Stored data:
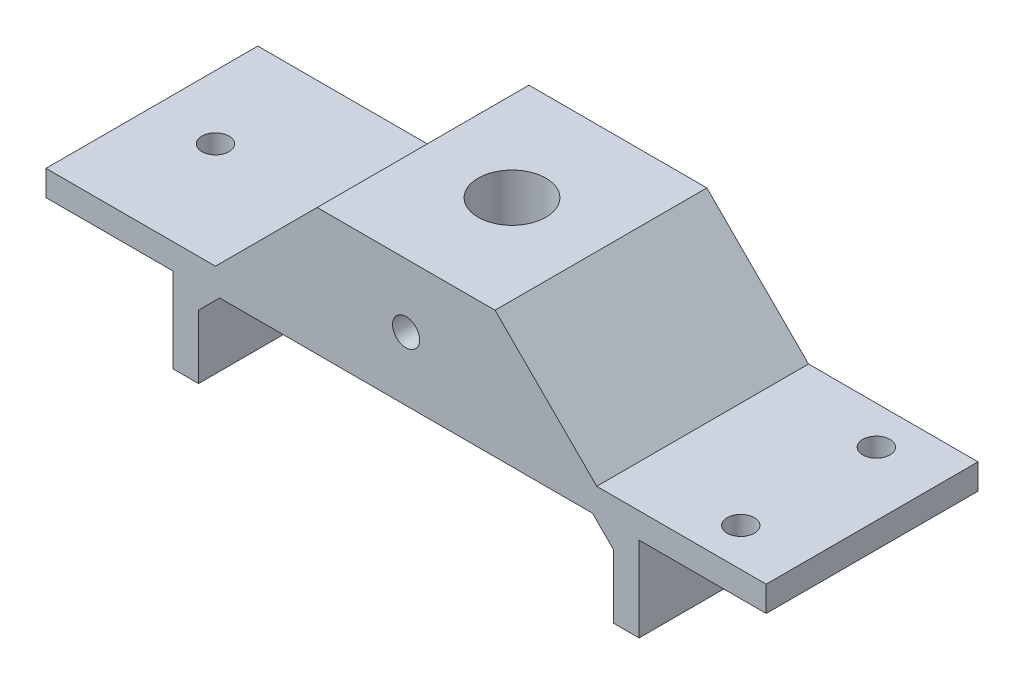
ISO-10303-21;
HEADER;
FILE_DESCRIPTION(('STEP AP214'),'2;1');
FILE_NAME('part.step','',(''),(''),'','','');
FILE_SCHEMA(('AUTOMOTIVE_DESIGN { 1 0 10303 214 1 1 1 1 }'));
ENDSEC;
DATA;
#1=APPLICATION_CONTEXT('core data for automotive mechanical design processes');
#2=APPLICATION_PROTOCOL_DEFINITION('international standard','automotive_design',2000,#1);
#3=PRODUCT_CONTEXT('',#1,'mechanical');
#4=PRODUCT('Part','Part','',(#3));
#5=PRODUCT_RELATED_PRODUCT_CATEGORY('part','',(#4));
#6=PRODUCT_DEFINITION_FORMATION('','',#4);
#7=PRODUCT_DEFINITION_CONTEXT('part definition',#1,'design');
#8=PRODUCT_DEFINITION('design','',#6,#7);
#9=PRODUCT_DEFINITION_SHAPE('','',#8);
#10=(LENGTH_UNIT() NAMED_UNIT(*) SI_UNIT(.MILLI.,.METRE.));
#11=(NAMED_UNIT(*) PLANE_ANGLE_UNIT() SI_UNIT($,.RADIAN.));
#12=(NAMED_UNIT(*) SI_UNIT($,.STERADIAN.) SOLID_ANGLE_UNIT());
#13=UNCERTAINTY_MEASURE_WITH_UNIT(LENGTH_MEASURE(1.E-05),#10,'distance_accuracy_value','');
#14=(GEOMETRIC_REPRESENTATION_CONTEXT(3) GLOBAL_UNCERTAINTY_ASSIGNED_CONTEXT((#13)) GLOBAL_UNIT_ASSIGNED_CONTEXT((#10,
#11,#12)) REPRESENTATION_CONTEXT('',''));
#15=CARTESIAN_POINT('',(0.,0.,0.));
#16=DIRECTION('',(0.,0.,1.));
#17=DIRECTION('',(1.,0.,0.));
#18=AXIS2_PLACEMENT_3D('',#15,#16,#17);
#19=CARTESIAN_POINT('',(-42.5,0.,25.));
#20=DIRECTION('',(0.,1.,0.));
#21=DIRECTION('',(0.,0.,1.));
#22=AXIS2_PLACEMENT_3D('',#19,#20,#21);
#23=PLANE('',#22);
#24=CARTESIAN_POINT('',(35.,0.,20.5));
#25=DIRECTION('',(0.,1.,0.));
#26=DIRECTION('',(0.,0.,1.));
#27=AXIS2_PLACEMENT_3D('',#24,#25,#26);
#28=CIRCLE('',#27,1.6);
#29=CARTESIAN_POINT('',(35.,0.,22.1));
#30=VERTEX_POINT('',#29);
#31=EDGE_CURVE('E516',#30,#30,#28,.F.);
#32=ORIENTED_EDGE('',*,*,#31,.T.);
#33=EDGE_LOOP('',(#32));
#34=FACE_BOUND('',#33,.T.);
#35=CARTESIAN_POINT('',(35.,0.,4.5));
#36=DIRECTION('',(0.,1.,0.));
#37=DIRECTION('',(0.,0.,1.));
#38=AXIS2_PLACEMENT_3D('',#35,#36,#37);
#39=CIRCLE('',#38,1.6);
#40=CARTESIAN_POINT('',(35.,0.,6.1));
#41=VERTEX_POINT('',#40);
#42=EDGE_CURVE('E510',#41,#41,#39,.F.);
#43=ORIENTED_EDGE('',*,*,#42,.T.);
#44=EDGE_LOOP('',(#43));
#45=FACE_BOUND('',#44,.T.);
#46=DIRECTION('',(1.,0.,0.));
#47=VECTOR('',#46,1.);
#48=CARTESIAN_POINT('',(-42.5,0.,0.));
#49=LINE('',#48,#47);
#50=CARTESIAN_POINT('',(22.5,0.,0.));
#51=VERTEX_POINT('',#50);
#52=CARTESIAN_POINT('',(42.5,0.,0.));
#53=VERTEX_POINT('',#52);
#54=EDGE_CURVE('E334',#51,#53,#49,.T.);
#55=ORIENTED_EDGE('',*,*,#54,.F.);
#56=DIRECTION('',(0.,0.,1.));
#57=VECTOR('',#56,1.);
#58=CARTESIAN_POINT('',(22.5,0.,25.));
#59=LINE('',#58,#57);
#60=CARTESIAN_POINT('',(22.5,0.,25.));
#61=VERTEX_POINT('',#60);
#62=EDGE_CURVE('E318',#51,#61,#59,.T.);
#63=ORIENTED_EDGE('',*,*,#62,.T.);
#64=DIRECTION('',(1.,0.,0.));
#65=VECTOR('',#64,1.);
#66=CARTESIAN_POINT('',(-42.5,0.,25.));
#67=LINE('',#66,#65);
#68=CARTESIAN_POINT('',(42.5,0.,25.));
#69=VERTEX_POINT('',#68);
#70=EDGE_CURVE('E342',#61,#69,#67,.T.);
#71=ORIENTED_EDGE('',*,*,#70,.T.);
#72=DIRECTION('',(0.,0.,-1.));
#73=VECTOR('',#72,1.);
#74=CARTESIAN_POINT('',(42.5,0.,25.));
#75=LINE('',#74,#73);
#76=EDGE_CURVE('E319',#69,#53,#75,.T.);
#77=ORIENTED_EDGE('',*,*,#76,.T.);
#78=EDGE_LOOP('',(#55,#63,#71,#77));
#79=FACE_BOUND('',#78,.T.);
#80=ADVANCED_FACE('F38',(#34,#45,#79),#23,.T.);
#81=CARTESIAN_POINT('',(-42.5,-3.,25.));
#82=DIRECTION('',(0.,1.,0.));
#83=DIRECTION('',(0.,0.,1.));
#84=AXIS2_PLACEMENT_3D('',#81,#82,#83);
#85=PLANE('',#84);
#86=CARTESIAN_POINT('',(0.,-3.,12.5));
#87=DIRECTION('',(0.,1.,0.));
#88=DIRECTION('',(0.,0.,1.));
#89=AXIS2_PLACEMENT_3D('',#86,#87,#88);
#90=CIRCLE('',#89,4.);
#91=CARTESIAN_POINT('',(0.,-3.,16.5));
#92=VERTEX_POINT('',#91);
#93=EDGE_CURVE('E198',#92,#92,#90,.F.);
#94=ORIENTED_EDGE('',*,*,#93,.F.);
#95=EDGE_LOOP('',(#94));
#96=FACE_BOUND('',#95,.T.);
#97=DIRECTION('',(1.,0.,0.));
#98=VECTOR('',#97,1.);
#99=CARTESIAN_POINT('',(-42.5,-3.,25.));
#100=LINE('',#99,#98);
#101=CARTESIAN_POINT('',(-22.,-3.,25.));
#102=VERTEX_POINT('',#101);
#103=CARTESIAN_POINT('',(22.,-3.,25.));
#104=VERTEX_POINT('',#103);
#105=EDGE_CURVE('E355',#102,#104,#100,.T.);
#106=ORIENTED_EDGE('',*,*,#105,.F.);
#107=DIRECTION('',(0.,0.,-1.));
#108=VECTOR('',#107,1.);
#109=CARTESIAN_POINT('',(-22.,-3.,0.));
#110=LINE('',#109,#108);
#111=CARTESIAN_POINT('',(-22.,-3.,0.));
#112=VERTEX_POINT('',#111);
#113=EDGE_CURVE('E67',#102,#112,#110,.T.);
#114=ORIENTED_EDGE('',*,*,#113,.T.);
#115=DIRECTION('',(1.,0.,0.));
#116=VECTOR('',#115,1.);
#117=CARTESIAN_POINT('',(-42.5,-3.,0.));
#118=LINE('',#117,#116);
#119=CARTESIAN_POINT('',(22.,-3.,0.));
#120=VERTEX_POINT('',#119);
#121=EDGE_CURVE('E295',#112,#120,#118,.T.);
#122=ORIENTED_EDGE('',*,*,#121,.T.);
#123=DIRECTION('',(0.,0.,1.));
#124=VECTOR('',#123,1.);
#125=CARTESIAN_POINT('',(22.,-3.,25.));
#126=LINE('',#125,#124);
#127=EDGE_CURVE('E452',#120,#104,#126,.T.);
#128=ORIENTED_EDGE('',*,*,#127,.T.);
#129=EDGE_LOOP('',(#106,#114,#122,#128));
#130=FACE_BOUND('',#129,.T.);
#131=ADVANCED_FACE('F405',(#96,#130),#85,.F.);
#132=CARTESIAN_POINT('',(35.,-3.,20.5));
#133=DIRECTION('',(0.,-1.,0.));
#134=DIRECTION('',(0.,0.,1.));
#135=AXIS2_PLACEMENT_3D('',#132,#133,#134);
#136=CIRCLE('',#135,1.6);
#137=CARTESIAN_POINT('',(35.,-3.,22.1));
#138=VERTEX_POINT('',#137);
#139=EDGE_CURVE('E512',#138,#138,#136,.T.);
#140=ORIENTED_EDGE('',*,*,#139,.F.);
#141=EDGE_LOOP('',(#140));
#142=FACE_BOUND('',#141,.T.);
#143=CARTESIAN_POINT('',(35.,-3.,4.5));
#144=DIRECTION('',(0.,-1.,0.));
#145=DIRECTION('',(0.,0.,-1.));
#146=AXIS2_PLACEMENT_3D('',#143,#144,#145);
#147=CIRCLE('',#146,1.6);
#148=CARTESIAN_POINT('',(35.,-3.,2.9));
#149=VERTEX_POINT('',#148);
#150=EDGE_CURVE('E191',#149,#149,#147,.T.);
#151=ORIENTED_EDGE('',*,*,#150,.F.);
#152=EDGE_LOOP('',(#151));
#153=FACE_BOUND('',#152,.T.);
#154=CARTESIAN_POINT('',(27.5,-3.,25.));
#155=VERTEX_POINT('',#154);
#156=CARTESIAN_POINT('',(42.5,-3.,25.));
#157=VERTEX_POINT('',#156);
#158=EDGE_CURVE('E296',#155,#157,#100,.T.);
#159=ORIENTED_EDGE('',*,*,#158,.F.);
#160=DIRECTION('',(0.,0.,-1.));
#161=VECTOR('',#160,1.);
#162=CARTESIAN_POINT('',(27.5,-3.,25.));
#163=LINE('',#162,#161);
#164=CARTESIAN_POINT('',(27.5,-3.,0.));
#165=VERTEX_POINT('',#164);
#166=EDGE_CURVE('E203',#155,#165,#163,.T.);
#167=ORIENTED_EDGE('',*,*,#166,.T.);
#168=CARTESIAN_POINT('',(42.5,-3.,0.));
#169=VERTEX_POINT('',#168);
#170=EDGE_CURVE('E289',#165,#169,#118,.T.);
#171=ORIENTED_EDGE('',*,*,#170,.T.);
#172=DIRECTION('',(0.,0.,-1.));
#173=VECTOR('',#172,1.);
#174=CARTESIAN_POINT('',(42.5,-3.,25.));
#175=LINE('',#174,#173);
#176=EDGE_CURVE('E314',#157,#169,#175,.T.);
#177=ORIENTED_EDGE('',*,*,#176,.F.);
#178=EDGE_LOOP('',(#159,#167,#171,#177));
#179=FACE_BOUND('',#178,.T.);
#180=ADVANCED_FACE('F412',(#142,#153,#179),#85,.F.);
#181=CARTESIAN_POINT('',(-35.,-3.,12.5));
#182=DIRECTION('',(0.,-1.,0.));
#183=DIRECTION('',(0.,0.,-1.));
#184=AXIS2_PLACEMENT_3D('',#181,#182,#183);
#185=CIRCLE('',#184,1.6);
#186=CARTESIAN_POINT('',(-35.,-3.,10.9));
#187=VERTEX_POINT('',#186);
#188=EDGE_CURVE('E502',#187,#187,#185,.T.);
#189=ORIENTED_EDGE('',*,*,#188,.F.);
#190=EDGE_LOOP('',(#189));
#191=FACE_BOUND('',#190,.T.);
#192=CARTESIAN_POINT('',(-42.5,-3.,0.));
#193=VERTEX_POINT('',#192);
#194=CARTESIAN_POINT('',(-27.5,-3.,0.));
#195=VERTEX_POINT('',#194);
#196=EDGE_CURVE('E310',#193,#195,#118,.T.);
#197=ORIENTED_EDGE('',*,*,#196,.T.);
#198=DIRECTION('',(0.,0.,1.));
#199=VECTOR('',#198,1.);
#200=CARTESIAN_POINT('',(-27.5,-3.,0.));
#201=LINE('',#200,#199);
#202=CARTESIAN_POINT('',(-27.5,-3.,25.));
#203=VERTEX_POINT('',#202);
#204=EDGE_CURVE('E243',#195,#203,#201,.T.);
#205=ORIENTED_EDGE('',*,*,#204,.T.);
#206=CARTESIAN_POINT('',(-42.5,-3.,25.));
#207=VERTEX_POINT('',#206);
#208=EDGE_CURVE('E269',#207,#203,#100,.T.);
#209=ORIENTED_EDGE('',*,*,#208,.F.);
#210=DIRECTION('',(0.,0.,-1.));
#211=VECTOR('',#210,1.);
#212=CARTESIAN_POINT('',(-42.5,-3.,25.));
#213=LINE('',#212,#211);
#214=EDGE_CURVE('E326',#207,#193,#213,.T.);
#215=ORIENTED_EDGE('',*,*,#214,.T.);
#216=EDGE_LOOP('',(#197,#205,#209,#215));
#217=FACE_BOUND('',#216,.T.);
#218=ADVANCED_FACE('F415',(#191,#217),#85,.F.);
#219=CARTESIAN_POINT('',(42.5,0.,25.));
#220=DIRECTION('',(1.,0.,0.));
#221=DIRECTION('',(0.,0.,-1.));
#222=AXIS2_PLACEMENT_3D('',#219,#220,#221);
#223=PLANE('',#222);
#224=DIRECTION('',(0.,-1.,0.));
#225=VECTOR('',#224,1.);
#226=CARTESIAN_POINT('',(42.5,0.,0.));
#227=LINE('',#226,#225);
#228=EDGE_CURVE('E303',#53,#169,#227,.T.);
#229=ORIENTED_EDGE('',*,*,#228,.F.);
#230=ORIENTED_EDGE('',*,*,#76,.F.);
#231=DIRECTION('',(0.,-1.,0.));
#232=VECTOR('',#231,1.);
#233=CARTESIAN_POINT('',(42.5,0.,25.));
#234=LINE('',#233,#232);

**INSTRUCTIONS FOR THE TASK:** All that is needed is the exact run of lines above from the line containing "#8=PRODUCT_DEFINITION('design','',#6,#7);" through the line containing "#68=CARTESIAN_POINT('',(42.5,0.,25.));", both of them included.

**WRITTEN RESPONSE:**
#8=PRODUCT_DEFINITION('design','',#6,#7);
#9=PRODUCT_DEFINITION_SHAPE('','',#8);
#10=(LENGTH_UNIT() NAMED_UNIT(*) SI_UNIT(.MILLI.,.METRE.));
#11=(NAMED_UNIT(*) PLANE_ANGLE_UNIT() SI_UNIT($,.RADIAN.));
#12=(NAMED_UNIT(*) SI_UNIT($,.STERADIAN.) SOLID_ANGLE_UNIT());
#13=UNCERTAINTY_MEASURE_WITH_UNIT(LENGTH_MEASURE(1.E-05),#10,'distance_accuracy_value','');
#14=(GEOMETRIC_REPRESENTATION_CONTEXT(3) GLOBAL_UNCERTAINTY_ASSIGNED_CONTEXT((#13)) GLOBAL_UNIT_ASSIGNED_CONTEXT((#10,
#11,#12)) REPRESENTATION_CONTEXT('',''));
#15=CARTESIAN_POINT('',(0.,0.,0.));
#16=DIRECTION('',(0.,0.,1.));
#17=DIRECTION('',(1.,0.,0.));
#18=AXIS2_PLACEMENT_3D('',#15,#16,#17);
#19=CARTESIAN_POINT('',(-42.5,0.,25.));
#20=DIRECTION('',(0.,1.,0.));
#21=DIRECTION('',(0.,0.,1.));
#22=AXIS2_PLACEMENT_3D('',#19,#20,#21);
#23=PLANE('',#22);
#24=CARTESIAN_POINT('',(35.,0.,20.5));
#25=DIRECTION('',(0.,1.,0.));
#26=DIRECTION('',(0.,0.,1.));
#27=AXIS2_PLACEMENT_3D('',#24,#25,#26);
#28=CIRCLE('',#27,1.6);
#29=CARTESIAN_POINT('',(35.,0.,22.1));
#30=VERTEX_POINT('',#29);
#31=EDGE_CURVE('E516',#30,#30,#28,.F.);
#32=ORIENTED_EDGE('',*,*,#31,.T.);
#33=EDGE_LOOP('',(#32));
#34=FACE_BOUND('',#33,.T.);
#35=CARTESIAN_POINT('',(35.,0.,4.5));
#36=DIRECTION('',(0.,1.,0.));
#37=DIRECTION('',(0.,0.,1.));
#38=AXIS2_PLACEMENT_3D('',#35,#36,#37);
#39=CIRCLE('',#38,1.6);
#40=CARTESIAN_POINT('',(35.,0.,6.1));
#41=VERTEX_POINT('',#40);
#42=EDGE_CURVE('E510',#41,#41,#39,.F.);
#43=ORIENTED_EDGE('',*,*,#42,.T.);
#44=EDGE_LOOP('',(#43));
#45=FACE_BOUND('',#44,.T.);
#46=DIRECTION('',(1.,0.,0.));
#47=VECTOR('',#46,1.);
#48=CARTESIAN_POINT('',(-42.5,0.,0.));
#49=LINE('',#48,#47);
#50=CARTESIAN_POINT('',(22.5,0.,0.));
#51=VERTEX_POINT('',#50);
#52=CARTESIAN_POINT('',(42.5,0.,0.));
#53=VERTEX_POINT('',#52);
#54=EDGE_CURVE('E334',#51,#53,#49,.T.);
#55=ORIENTED_EDGE('',*,*,#54,.F.);
#56=DIRECTION('',(0.,0.,1.));
#57=VECTOR('',#56,1.);
#58=CARTESIAN_POINT('',(22.5,0.,25.));
#59=LINE('',#58,#57);
#60=CARTESIAN_POINT('',(22.5,0.,25.));
#61=VERTEX_POINT('',#60);
#62=EDGE_CURVE('E318',#51,#61,#59,.T.);
#63=ORIENTED_EDGE('',*,*,#62,.T.);
#64=DIRECTION('',(1.,0.,0.));
#65=VECTOR('',#64,1.);
#66=CARTESIAN_POINT('',(-42.5,0.,25.));
#67=LINE('',#66,#65);
#68=CARTESIAN_POINT('',(42.5,0.,25.));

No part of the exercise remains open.